Education

• Ph.D. [2011-2017] Indian Statistical Institute, Delhi Centre, India. Thesis Title: Perfect Powers in Certain Diophantine Equations and Recurrence Sequences. Thesis Advisor: Prof. Shanta Laishram.  

• Masters in Mathematics, Ramakrishna Mission Vivekananda University, Belurmath, Howrah, India.

• Bachelor of  Science (with honors in mathematics), University of Calcutta, Kolkata, India.

Research Interest

Recent advances in the study of the generalized Fermat equation and variants have revealed a close connection with the determination of rational points on modular curves. The well-known method of modularity came up after Andrew  Wiles celebrated proof of Fermat's theorem. Several new classes of Diophantine equations can be successfully analyzed using the modular method.

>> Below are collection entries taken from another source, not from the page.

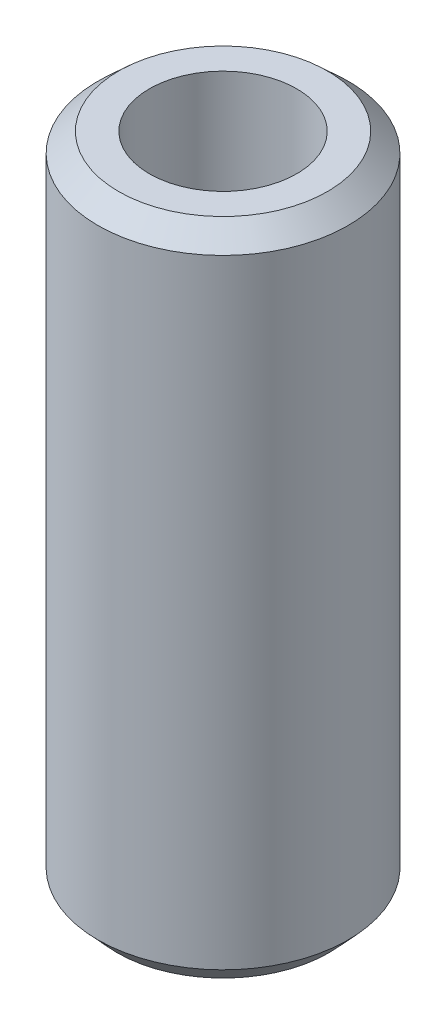
from build123d import *
from OCP.BRepFilletAPI import BRepFilletAPI_MakeChamfer

# Parameters (mm, degrees)
SKETCH1_R           = 10
BOSS_EXTRUDE1_DEPTH = 52.628320969
SKETCH2_R           = 5.889990357
CUT_EXTRUDE1_DEPTH  = 55.495322441
CHAMFER1_SIZE       = 1.525397257
CHAMFER1_SIZE2      = 1.651536599


with BuildPart() as part:
    # Sketch1 → Boss-Extrude1 (new body)
    with BuildSketch(Plane(origin=(0, 0, 0), x_dir=(1, 0, 0), z_dir=(0, 1, 0))):
        Circle(SKETCH1_R)
    extrude(amount=BOSS_EXTRUDE1_DEPTH)

    # Sketch2 → Cut-Extrude1 (cut, through all)
    with BuildSketch(Plane(origin=(0, 0, 0), x_dir=(1, 0, 0), z_dir=(0, 1, 0))):
        Circle(SKETCH2_R)
    extrude(amount=CUT_EXTRUDE1_DEPTH, mode=Mode.SUBTRACT)

    # Chamfer1: one chamfer whose edges measure the first distance from different faces: ONE call of the kernel's chamfer builder (chamfer() names one face for all edges)
    chamfer1_edges_1 = [part.edges().sort_by_distance(p)[0] for p in [
        (-10, 52.628320969, 0),
    ]]
    chamfer1_side_1 = [part.faces().sort_by_distance(p)[0] for p in [
        (-10, 26.314160484, 0),
    ]]
    chamfer1_edges_2 = [part.edges().sort_by_distance(p)[0] for p in [
        (-10, 0, 0),
    ]]
    chamfer1_side_2 = [part.faces().sort_by_distance(p)[0] for p in [
        (-9.717157288, 0, 0),
    ]]
    chamfer1 = BRepFilletAPI_MakeChamfer(part.part.solid().wrapped)
    for e in chamfer1_edges_1:
        chamfer1.Add(CHAMFER1_SIZE, CHAMFER1_SIZE2, e.wrapped, chamfer1_side_1[0].wrapped)  # the first distance lies on this face
    for e in chamfer1_edges_2:
        chamfer1.Add(CHAMFER1_SIZE, CHAMFER1_SIZE2, e.wrapped, chamfer1_side_2[0].wrapped)  # the first distance lies on this face
    add(Compound.cast(chamfer1.Shape()), mode=Mode.REPLACE)


solid = part.part
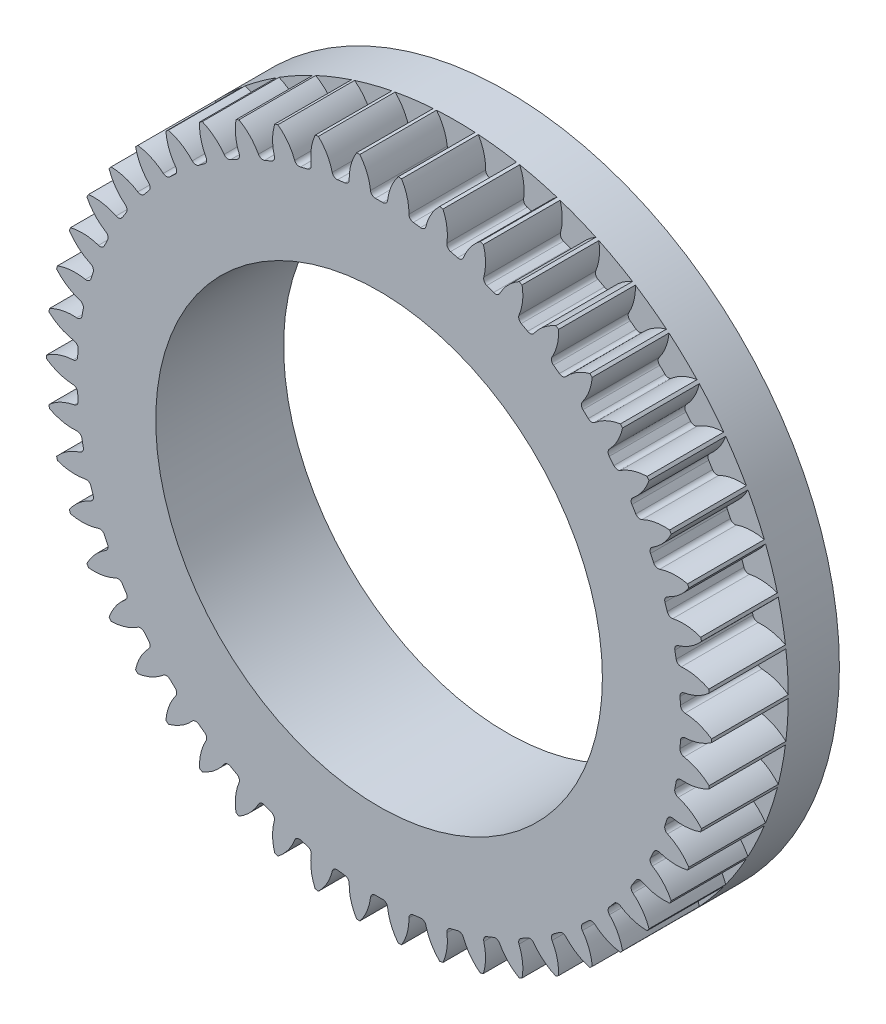
from build123d import *

# Parameters (mm, degrees)
SKETCH1_R                = 26
SKETCH1_R_2              = 17.465
BOSS_EXTRUDE1_DEPTH      = 10
CUT_EXTRUDE3_START       = -10
CUT_EXTRUDE3_DEPTH       = 49.105117767
FILLET1_R                = 0.38
CIRPATTERN1_COUNT        = 50
FILLET1_OF_CIRPATTERN1_R = 0.38
SKETCH1_8_R              = 26
SKETCH1_8_R_2            = 17.465
CUT_EXTRUDE4_DEPTH       = 4
SKETCH1_9_R              = 26
SKETCH1_9_R_2            = 17.465
BOSS_EXTRUDE2_DEPTH      = 4


with BuildPart() as part:
    # Sketch1 → Boss-Extrude1 (new body)
    with BuildSketch(Plane.XY):
        Circle(SKETCH1_R)
        Circle(SKETCH1_R_2, mode=Mode.SUBTRACT)
    extrude(amount=BOSS_EXTRUDE1_DEPTH)

    # Sketch2 → Cut-Extrude3 (cut)
    with BuildSketch(Plane.XY.offset(10).offset(CUT_EXTRUDE3_START)):
        with BuildLine():
            Line((80.813454696, 125.882981301), (1.504086556, 25.956458226))
            ThreePointArc((1.504086556, 25.956458226), (0.881704537, 24.843708327), (0.643214976, 23.591233001))
            ThreePointArc((0.643214976, 23.591233001), (0, 23.6), (-0.643214976, 23.591233001))
            ThreePointArc((-0.643214976, 23.591233001), (-0.881704537, 24.843708327), (-1.504086556, 25.956458226))
            Line((-1.504086556, 25.956458226), (-80.813454696, 125.882981301))
            Line((-80.813454696, 125.882981301), (-80.813454696, 381.032238707))
            Line((-80.813454696, 381.032238707), (80.813454696, 381.032238707))
            Line((80.813454696, 381.032238707), (80.813454696, 125.882981301))
        make_face()
    cut_extrude3 = extrude(amount=CUT_EXTRUDE3_DEPTH, mode=Mode.SUBTRACT)

    # Fillet1
    fillet1_edges = [part.edges().sort_by_distance(p)[0] for p in [
        (0.643214976, 23.591233001, 5),
        (-0.643214976, 23.591233001, 5),
    ]]
    fillet(fillet1_edges, radius=FILLET1_R)

    # CirPattern1: Cut-Extrude3 ×50 about axis
    cirpattern1_axis = Axis((0, 0, 10), (0, 0, 1))
    for i in range(1, CIRPATTERN1_COUNT):
        add(cut_extrude3.rotate(cirpattern1_axis, i * 360 / CIRPATTERN1_COUNT), mode=Mode.SUBTRACT)

    # Fillet1 of CirPattern1
    fillet1_of_cirpattern1_edges = [part.edges().sort_by_distance(p)[0] for p in [
        (-2.318622481, 23.485825295, 5),
        (-3.59490855, 23.324592869, 5),
        (-5.243893878, 23.010032095, 5),
        (-6.489908268, 22.690109975, 5),
        (-8.086465935, 22.171356943, 5),
        (-9.282558256, 21.697790492, 5),
        (-10.801509594, 20.983026247, 5),
        (-11.928816755, 20.363283891, 5),
        (-13.346206994, 19.463780693, 5),
        (-14.386950688, 18.707636139, 5),
        (-15.680426737, 17.63757969, 5),
        (-16.618193814, 16.756957789, 5),
        (-17.767356784, 15.53322352, 5),
        (-18.587358097, 14.542012205, 5),
        (-19.574085, 13.183899135, 5),
        (-20.263388639, 12.097730402, 5),
        (-21.072118203, 10.626656785, 5),
        (-21.619853437, 9.462660163, 5),
        (-22.237831514, 7.90182571, 5),
        (-22.635360232, 6.678358121, 5),
        (-23.052840938, 5.052378123, 5),
        (-23.293893873, 3.788734382, 5),
        (-23.504293289, 2.123251515, 5),
        (-23.585068894, 0.839360038, 5),
        (-23.585068894, -0.839360038, 5),
        (-23.504293289, -2.123251515, 5),
        (-23.293893873, -3.788734382, 5),
        (-23.052840938, -5.052378123, 5),
        (-22.635360232, -6.678358121, 5),
        (-22.237831514, -7.90182571, 5),
        (-21.619853437, -9.462660163, 5),
        (-21.072118203, -10.626656785, 5),
        (-20.263388639, -12.097730402, 5),
        (-19.574085, -13.183899135, 5),
        (-18.587358097, -14.542012205, 5),
        (-17.767356784, -15.53322352, 5),
        (-16.618193814, -16.756957789, 5),
        (-15.680426737, -17.63757969, 5),
        (-14.386950688, -18.707636139, 5),
        (-13.346206994, -19.463780693, 5),
        (-11.928816755, -20.363283891, 5),
        (-10.801509594, -20.983026247, 5),
        (-9.282558256, -21.697790492, 5),
        (-8.086465935, -22.171356943, 5),
        (-6.489908268, -22.690109975, 5),
        (-5.243893878, -23.010032095, 5),
        (-3.59490855, -23.324592869, 5),
        (-2.318622481, -23.485825295, 5),
        (-0.643214976, -23.591233001, 5),
        (0.643214976, -23.591233001, 5),
        (2.318622481, -23.485825295, 5),
        (3.59490855, -23.324592869, 5),
        (5.243893878, -23.010032095, 5),
        (6.489908268, -22.690109975, 5),
        (8.086465935, -22.171356943, 5),
        (9.282558256, -21.697790492, 5),
        (10.801509594, -20.983026247, 5),
        (11.928816755, -20.363283891, 5),
        (13.346206994, -19.463780693, 5),
        (14.386950688, -18.707636139, 5),
        (15.680426737, -17.63757969, 5),
        (16.618193814, -16.756957789, 5),
        (17.767356784, -15.53322352, 5),
        (18.587358097, -14.542012205, 5),
        (19.574085, -13.183899135, 5),
        (20.263388639, -12.097730402, 5),
        (21.072118203, -10.626656785, 5),
        (21.619853437, -9.462660163, 5),
        (22.237831514, -7.90182571, 5),
        (22.635360232, -6.678358121, 5),
        (23.052840938, -5.052378123, 5),
        (23.293893873, -3.788734382, 5),
        (23.504293289, -2.123251515, 5),
        (23.585068894, -0.839360038, 5),
        (23.585068894, 0.839360038, 5),
        (23.504293289, 2.123251515, 5),
        (23.293893873, 3.788734382, 5),
        (23.052840938, 5.052378123, 5),
        (22.635360232, 6.678358121, 5),
        (22.237831514, 7.90182571, 5),
        (21.619853437, 9.462660163, 5),
        (21.072118203, 10.626656785, 5),
        (20.263388639, 12.097730402, 5),
        (19.574085, 13.183899135, 5),
        (18.587358097, 14.542012205, 5),
        (17.767356784, 15.53322352, 5),
        (16.618193814, 16.756957789, 5),
        (15.680426737, 17.63757969, 5),
        (14.386950688, 18.707636139, 5),
        (13.346206994, 19.463780693, 5),
        (11.928816755, 20.363283891, 5),
        (10.801509594, 20.983026247, 5),
        (9.282558256, 21.697790492, 5),
        (8.086465935, 22.171356943, 5),
        (6.489908268, 22.690109975, 5),
        (5.243893878, 23.010032095, 5),
        (3.59490855, 23.324592869, 5),
        (2.318622481, 23.485825295, 5),
    ]]
    fillet(fillet1_of_cirpattern1_edges, radius=FILLET1_OF_CIRPATTERN1_R)

    # Sketch1<8> → Cut-Extrude4 (cut)
    with BuildSketch(Plane.XY):
        Circle(SKETCH1_8_R)
        Circle(SKETCH1_8_R_2, mode=Mode.SUBTRACT)
    extrude(amount=CUT_EXTRUDE4_DEPTH, mode=Mode.SUBTRACT)

    # Sketch1<9> → Boss-Extrude2 (add)
    with BuildSketch(Plane.XY):
        Circle(SKETCH1_9_R)
        Circle(SKETCH1_9_R_2, mode=Mode.SUBTRACT)
    extrude(amount=BOSS_EXTRUDE2_DEPTH)


solid = part.part

I am primarily interested in Diophantine problems. Especially, problems related to Diophantine equations, Diophantine approximation, Hypergeometric methods, Recurrence sequence, and Transcendence. I also have an outside interest in arithmetic geometry.

I have worked on the Modular method, Linear Forms in Logarithms, and Chabauty's method to find explicit solutions to exponential Diophantine equations. Furthermore, I am also interested in transcendence, especially Mahler's method. Currently, I am interested in the exceptional values of Mahler functions and E-functions.